Stored items from a collection:
•••

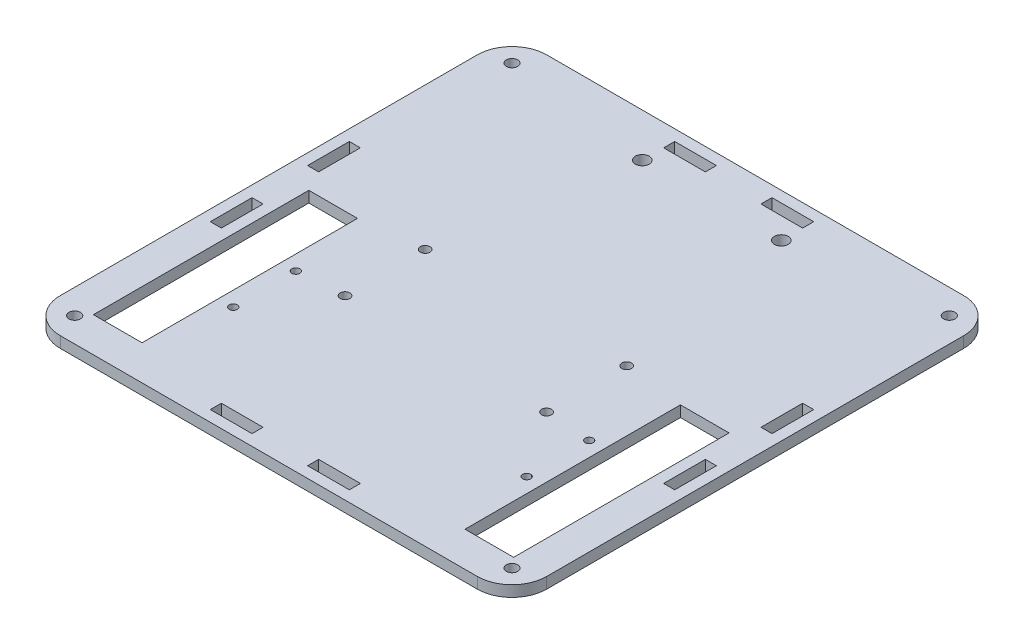
from build123d import *

# Parameters (mm, degrees)
SKETCH1_W           = 140
SKETCH1_H           = 140
SKETCH1_R           = 1.4
SKETCH1_R_2         = 1.15
SKETCH1_R_3         = 2
SKETCH1_R_4         = 1.65
SKETCH1_W_2         = 14
SKETCH1_H_2         = 62
SKETCH1_W_3         = 3.175
SKETCH1_H_3         = 12
SKETCH1_W_4         = 12
SKETCH1_H_4         = 3.175
BOSS_EXTRUDE1_DEPTH = 3.175
FILLET1_R           = 10


with BuildPart() as part:
    # Sketch1 → Boss-Extrude1 (new body)
    with BuildSketch(Plane(origin=(0, 0, 0), x_dir=(1, 0, 0), z_dir=(0, 1, 0))):
        Rectangle(SKETCH1_W, SKETCH1_H)
        with Locations((29, 4)):
            Circle(SKETCH1_R, mode=Mode.SUBTRACT)
        with Locations((29, -19.05)):
            Circle(SKETCH1_R, mode=Mode.SUBTRACT)
        with Locations((-29, -19.05)):
            Circle(SKETCH1_R, mode=Mode.SUBTRACT)
        with Locations((-29, 4)):
            Circle(SKETCH1_R, mode=Mode.SUBTRACT)
        with Locations((42.225, -20)):
            Circle(SKETCH1_R_2, mode=Mode.SUBTRACT)
        with Locations((42.225, -38)):
            Circle(SKETCH1_R_2, mode=Mode.SUBTRACT)
        with Locations((-42.225, -38)):
            Circle(SKETCH1_R_2, mode=Mode.SUBTRACT)
        with Locations((-42.225, -20)):
            Circle(SKETCH1_R_2, mode=Mode.SUBTRACT)
        with Locations((20, 57.5)):
            Circle(SKETCH1_R_3, mode=Mode.SUBTRACT)
        with Locations((-20, 57.5)):
            Circle(SKETCH1_R_3, mode=Mode.SUBTRACT)
        with Locations((62.928932188, -62.928932188)):
            Circle(SKETCH1_R_4, mode=Mode.SUBTRACT)
        with Locations((62.928932188, 62.928932188)):
            Circle(SKETCH1_R_4, mode=Mode.SUBTRACT)
        with Locations((-62.928932188, -62.928932188)):
            Circle(SKETCH1_R_4, mode=Mode.SUBTRACT)
        with Locations((-62.928932188, 62.928932188)):
            Circle(SKETCH1_R_4, mode=Mode.SUBTRACT)
        with Locations((-53.475, -29)):
            Rectangle(SKETCH1_W_2, SKETCH1_H_2, mode=Mode.SUBTRACT)
        with Locations((53.475, -29)):
            Rectangle(SKETCH1_W_2, SKETCH1_H_2, mode=Mode.SUBTRACT)
        with Locations((-65.2375, -14)):
            Rectangle(SKETCH1_W_3, SKETCH1_H_3, mode=Mode.SUBTRACT)
        with Locations((65.2375, -14)):
            Rectangle(SKETCH1_W_3, SKETCH1_H_3, mode=Mode.SUBTRACT)
        with Locations((14, -65.2375)):
            Rectangle(SKETCH1_W_4, SKETCH1_H_4, mode=Mode.SUBTRACT)
        with Locations((-14, -65.2375)):
            Rectangle(SKETCH1_W_4, SKETCH1_H_4, mode=Mode.SUBTRACT)
        with Locations((65.2375, 14)):
            Rectangle(SKETCH1_W_3, SKETCH1_H_3, mode=Mode.SUBTRACT)
        with Locations((14, 65.2375)):
            Rectangle(SKETCH1_W_4, SKETCH1_H_4, mode=Mode.SUBTRACT)
        with Locations((-14, 65.2375)):
            Rectangle(SKETCH1_W_4, SKETCH1_H_4, mode=Mode.SUBTRACT)
        with Locations((-65.2375, 14)):
            Rectangle(SKETCH1_W_3, SKETCH1_H_3, mode=Mode.SUBTRACT)
    extrude(amount=BOSS_EXTRUDE1_DEPTH)

    # Fillet1
    fillet1_edges = [part.edges().sort_by_distance(p)[0] for p in [
        (70, 1.5875, 70),
        (-70, 1.5875, 70),
        (-70, 1.5875, -70),
        (70, 1.5875, -70),
    ]]
    fillet(fillet1_edges, radius=FILLET1_R)


solid = part.part

•••

TASK BRIEF: Word for word and without any pictures, return all of the lines above.

SOLUTION BELOW:
from build123d import *

# Parameters (mm, degrees)
SKETCH1_W           = 140
SKETCH1_H           = 140
SKETCH1_R           = 1.4
SKETCH1_R_2         = 1.15
SKETCH1_R_3         = 2
SKETCH1_R_4         = 1.65
SKETCH1_W_2         = 14
SKETCH1_H_2         = 62
SKETCH1_W_3         = 3.175
SKETCH1_H_3         = 12
SKETCH1_W_4         = 12
SKETCH1_H_4         = 3.175
BOSS_EXTRUDE1_DEPTH = 3.175
FILLET1_R           = 10


with BuildPart() as part:
    # Sketch1 → Boss-Extrude1 (new body)
    with BuildSketch(Plane(origin=(0, 0, 0), x_dir=(1, 0, 0), z_dir=(0, 1, 0))):
        Rectangle(SKETCH1_W, SKETCH1_H)
        with Locations((29, 4)):
            Circle(SKETCH1_R, mode=Mode.SUBTRACT)
        with Locations((29, -19.05)):
            Circle(SKETCH1_R, mode=Mode.SUBTRACT)
        with Locations((-29, -19.05)):
            Circle(SKETCH1_R, mode=Mode.SUBTRACT)
        with Locations((-29, 4)):
            Circle(SKETCH1_R, mode=Mode.SUBTRACT)
        with Locations((42.225, -20)):
            Circle(SKETCH1_R_2, mode=Mode.SUBTRACT)
        with Locations((42.225, -38)):
            Circle(SKETCH1_R_2, mode=Mode.SUBTRACT)
        with Locations((-42.225, -38)):
            Circle(SKETCH1_R_2, mode=Mode.SUBTRACT)
        with Locations((-42.225, -20)):
            Circle(SKETCH1_R_2, mode=Mode.SUBTRACT)
        with Locations((20, 57.5)):
            Circle(SKETCH1_R_3, mode=Mode.SUBTRACT)
        with Locations((-20, 57.5)):
            Circle(SKETCH1_R_3, mode=Mode.SUBTRACT)
        with Locations((62.928932188, -62.928932188)):
            Circle(SKETCH1_R_4, mode=Mode.SUBTRACT)
        with Locations((62.928932188, 62.928932188)):
            Circle(SKETCH1_R_4, mode=Mode.SUBTRACT)
        with Locations((-62.928932188, -62.928932188)):
            Circle(SKETCH1_R_4, mode=Mode.SUBTRACT)
        with Locations((-62.928932188, 62.928932188)):
            Circle(SKETCH1_R_4, mode=Mode.SUBTRACT)
        with Locations((-53.475, -29)):
            Rectangle(SKETCH1_W_2, SKETCH1_H_2, mode=Mode.SUBTRACT)
        with Locations((53.475, -29)):
            Rectangle(SKETCH1_W_2, SKETCH1_H_2, mode=Mode.SUBTRACT)
        with Locations((-65.2375, -14)):
            Rectangle(SKETCH1_W_3, SKETCH1_H_3, mode=Mode.SUBTRACT)
        with Locations((65.2375, -14)):
            Rectangle(SKETCH1_W_3, SKETCH1_H_3, mode=Mode.SUBTRACT)
        with Locations((14, -65.2375)):
            Rectangle(SKETCH1_W_4, SKETCH1_H_4, mode=Mode.SUBTRACT)
        with Locations((-14, -65.2375)):
            Rectangle(SKETCH1_W_4, SKETCH1_H_4, mode=Mode.SUBTRACT)
        with Locations((65.2375, 14)):
            Rectangle(SKETCH1_W_3, SKETCH1_H_3, mode=Mode.SUBTRACT)
        with Locations((14, 65.2375)):
            Rectangle(SKETCH1_W_4, SKETCH1_H_4, mode=Mode.SUBTRACT)
        with Locations((-14, 65.2375)):
            Rectangle(SKETCH1_W_4, SKETCH1_H_4, mode=Mode.SUBTRACT)
        with Locations((-65.2375, 14)):
            Rectangle(SKETCH1_W_3, SKETCH1_H_3, mode=Mode.SUBTRACT)
    extrude(amount=BOSS_EXTRUDE1_DEPTH)

    # Fillet1
    fillet1_edges = [part.edges().sort_by_distance(p)[0] for p in [
        (70, 1.5875, 70),
        (-70, 1.5875, 70),
        (-70, 1.5875, -70),
        (70, 1.5875, -70),
    ]]
    fillet(fillet1_edges, radius=FILLET1_R)


solid = part.part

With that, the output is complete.